Here you can find a simple tutorial.
I believe this is the better solution because in this way you can handle every expression you need.
Are you sure you want to use all the classes you are using? To parse something like "a=b+c+d.." (assuming you are not trying to validate), easiest and possibly the most efficient way is to use split API in Java lang String
Then join whatever is required using StringBuilder
You need to design and implement a parser and an evaluator. And before that, you need to design the language that your parser/evaluator is going to evaluate.
How to do it.
If your language is really simple, you can get away with parsing it by hand, using something like StringTokenizer to do the tokenization,
Otherwise, you are probably best off learning to use a Java "parser generator" such as JavaCC or ANTLR.
Either way, you need to do some background reading to understand all of the terminology. You could start with Wikipedia and/or the tutorial material from one of the parser generators.

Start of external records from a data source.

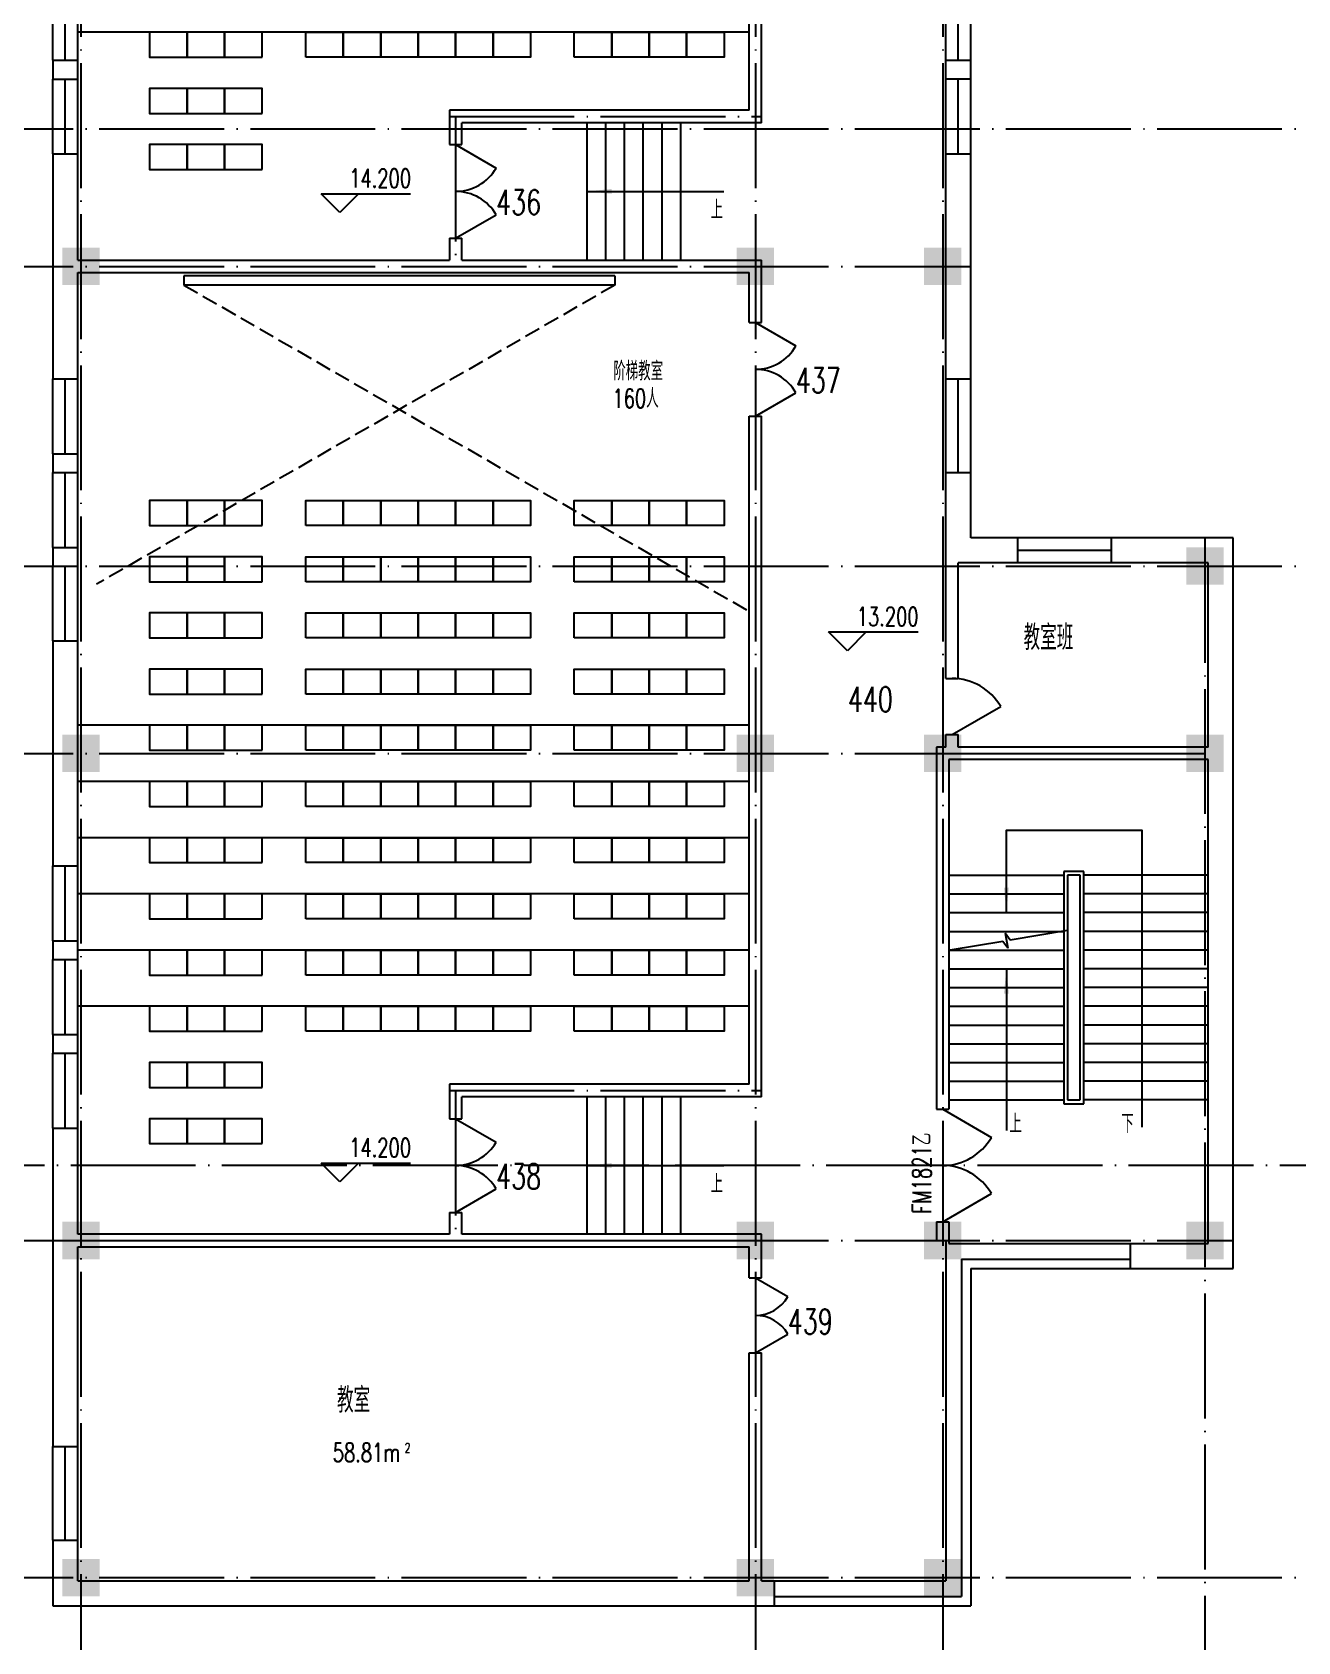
# Model space of a CAD drawing. Extents: x 165127 to 1058185, y 60808 to 144908.
# Drawn here: x 729115 to 749382, y 77825 to 103603 of the extents above; entities that cross this region are included whole.
import ezdxf
from ezdxf.enums import TextEntityAlignment as Align

# ---------------------------------------------------------------- set-up
doc = ezdxf.new("R2010")
doc.units = 0
doc.header["$LTSCALE"] = 1000
doc.linetypes.add('DASH', pattern=[0.35, 0.25, -0.1])
doc.linetypes.add('DOTE', pattern=[2.42, 2, -0.2, 0.02, -0.2])
doc.layers.get('0').update_dxf_attribs({"linetype": 'CONTINUOUS'})
for name, color, linetype in [('COLUMN', 7, 'CONTINUOUS'), ('DOTE', 1, 'DOTE'), ('F', 252, 'CONTINUOUS'), ('LVTRY', 6, 'CONTINUOUS'), ('PUB_DIM', 3, 'CONTINUOUS'), ('PUB_TEXT', 7, 'CONTINUOUS'), ('STAIR', 3, 'CONTINUOUS'), ('WALL', 255, 'CONTINUOUS'), ('WINDOW', 2, 'CONTINUOUS'), ('WINDOW_TEXT', 7, 'CONTINUOUS'), ('面积注记', 7, 'CONTINUOUS')]:
    doc.layers.add(name, color=color, linetype=linetype)
doc.styles.add('_HZTXT', font='romans.shx', dxfattribs={"width": 0.7, "bigfont": 'z.shx'})
doc.styles.add('DIM_FONT', font='SIMPLEX.shx', dxfattribs={"width": 0.7})
doc.styles.add('SIMPLEX', font='SIMPLEX.SHX')

# ---------------------------------------------------------------- blocks, each defined once
blk = doc.blocks.new('_DBLK1')
for p, q in [((-0.5, 0), (-0.25, -0.433)), ((0.5, 0), (0.25, -0.433))]:
    blk.add_line(p, q)
for centre, start, end in [((-0.5, 0), 300, 0), ((0.5, 0), 180, 240)]:
    blk.add_arc(centre, 0.5, start, end)
at = {"layer": 'WINDOW_TEXT', "style": 'SIMPLEX', "flags": 9}
blk.add_attdef('A', text='', height=1, dxfattribs=at).set_placement((0, 1.5), align=Align.MIDDLE)
blk = doc.blocks.new('A$C407C5CBC')
at = {"layer": 'F'}
blk.add_lwpolyline([(0, 600), (400, 600), (400, 0), (0, 0)], close=True, dxfattribs=at)
blk = doc.blocks.new('_FZH')
blk.add_solid([(-0.5, -0.5), (0.5, -0.5), (-0.5, 0.5), (0.5, 0.5)])
blk = doc.blocks.new('_ARROW')
blk.add_solid([(0, 0), (-1, 0.1), (-1, -0.1)])
blk = doc.blocks.new('_WBLK')
for p, q in [((-0.5, 0.5), (0.5, 0.5)), ((-0.5, 0), (0.5, 0)), ((-0.5, -0.5), (0.5, -0.5))]:
    blk.add_line(p, q)
at = {"layer": 'WINDOW_TEXT', "style": 'SIMPLEX', "flags": 9}
blk.add_attdef('A', text='', height=1, dxfattribs=at).set_placement((0, 1.5), align=Align.MIDDLE)
blk = doc.blocks.new('_DBLK')
blk.add_line((-0.5, 0), (0, -0.866))
blk.add_arc((-0.5, 0), 1, 300, 0)
at = {"layer": 'WINDOW_TEXT', "style": 'SIMPLEX', "flags": 9}
blk.add_attdef('A', text='', height=1, dxfattribs=at).set_placement((0, 1.5), align=Align.MIDDLE)

msp = doc.modelspace()

# ---------------------------------------------------------------- linework, layer by layer
at = {"layer": 'DOTE'}
for p, q in [((729895.3, 139407.6), (729895.3, 71351.8)), ((740695.3, 139407.6), (740695.3, 71351.8)), ((743695.3, 139407.6), (743695.3, 71351.8)), ((735795.3, 102253.1), (740795.3, 102253.1)), ((735895.3, 102253.1), (735895.3, 99853.1)), ((725348.7, 102053.1), (859991.9, 102053.1)), ((725348.7, 99853.1), (744145.3, 99853.1)), ((747895.3, 95503.1), (747895.3, 71351.8)), ((725348.7, 95053.1), (859991.9, 95053.1)), ((725348.7, 92053.1), (747895.3, 92053.1)), ((743695.3, 92053.1), (747895.3, 92053.1)), ((735795.3, 86653.1), (740795.3, 86653.1)), ((735895.3, 86653.1), (735895.3, 84253.1)), ((859991.9, 85453.1), (725348.7, 85453.1)), ((725348.7, 84253.1), (748345.3, 84253.1)), ((729445.3, 84253.1), (740795.3, 84253.1)), ((725348.7, 78853.1), (859991.9, 78853.1))]:
    msp.add_line(p, q, dxfattribs=at)
at = {"layer": 'F', "linetype": 'DASH'}
for p, q in [((738445.3, 99553.1), (730145.3, 94761.1)), ((731545.3, 99553.1), (740595.3, 94328.1))]:
    msp.add_line(p, q, dxfattribs=at)
at = {"layer": 'LVTRY'}
for p, q in [((740595.3, 103603.1), (729845.3, 103603.1)), ((738445.3, 99703.1), (731545.3, 99703.1)), ((731545.3, 99703.1), (731545.3, 99553.1)), ((738445.3, 99553.1), (731545.3, 99553.1)), ((738445.3, 99703.1), (738445.3, 99553.1)), ((740595.3, 92503.1), (729845.3, 92503.1)), ((740595.3, 91603.1), (729845.3, 91603.1)), ((740595.3, 90703.1), (729845.3, 90703.1)), ((740595.3, 89803.1), (729845.3, 89803.1)), ((740595.3, 88903.1), (729845.3, 88903.1)), ((740595.3, 88003.1), (729845.3, 88003.1))]:
    msp.add_line(p, q, dxfattribs=at)
at = {"layer": 'PUB_DIM'}
for p, q in [((733741.8, 101016.4), (734341.8, 101016.4)), ((734041.8, 100716.4), (733741.8, 101016.4)), ((734341.8, 101016.4), (734041.8, 100716.4)), ((734041.8, 101016.4), (735172.6, 101016.4)), ((741869.3, 93997.3), (742469.3, 93997.3)), ((742169.3, 93697.3), (741869.3, 93997.3)), ((742469.3, 93997.3), (742169.3, 93697.3)), ((742169.3, 93997.3), (743300.1, 93997.3)), ((733741.8, 85492.7), (734341.8, 85492.7)), ((734041.8, 85192.7), (733741.8, 85492.7)), ((734341.8, 85492.7), (734041.8, 85192.7)), ((734041.8, 85492.7), (735172.6, 85492.7))]:
    msp.add_line(p, q, dxfattribs=at)
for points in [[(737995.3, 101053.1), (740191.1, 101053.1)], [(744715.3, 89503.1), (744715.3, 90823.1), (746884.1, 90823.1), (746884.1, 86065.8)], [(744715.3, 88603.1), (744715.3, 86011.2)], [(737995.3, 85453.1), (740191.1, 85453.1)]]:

Alternatively, there are good textbooks on this topic.
In addition to what Abdullah said, if you really want to save every single ounce of memory you can, you should use the StringBuilder instead of the String concatenation. I believe i read somewhere before that the String concatenation make a new string object for each concatenations while the StringBuilder will add them all to a single String. Shouldn't matter too much though.
In my early life I made an equation evaluator in your style. It cost me huge code and complexity, because of my unawareness about Expression trees. But now with this you will be able to add more capabilities to your parser easily and with native JAVA codes. You will get tons of example of using Expression Trees.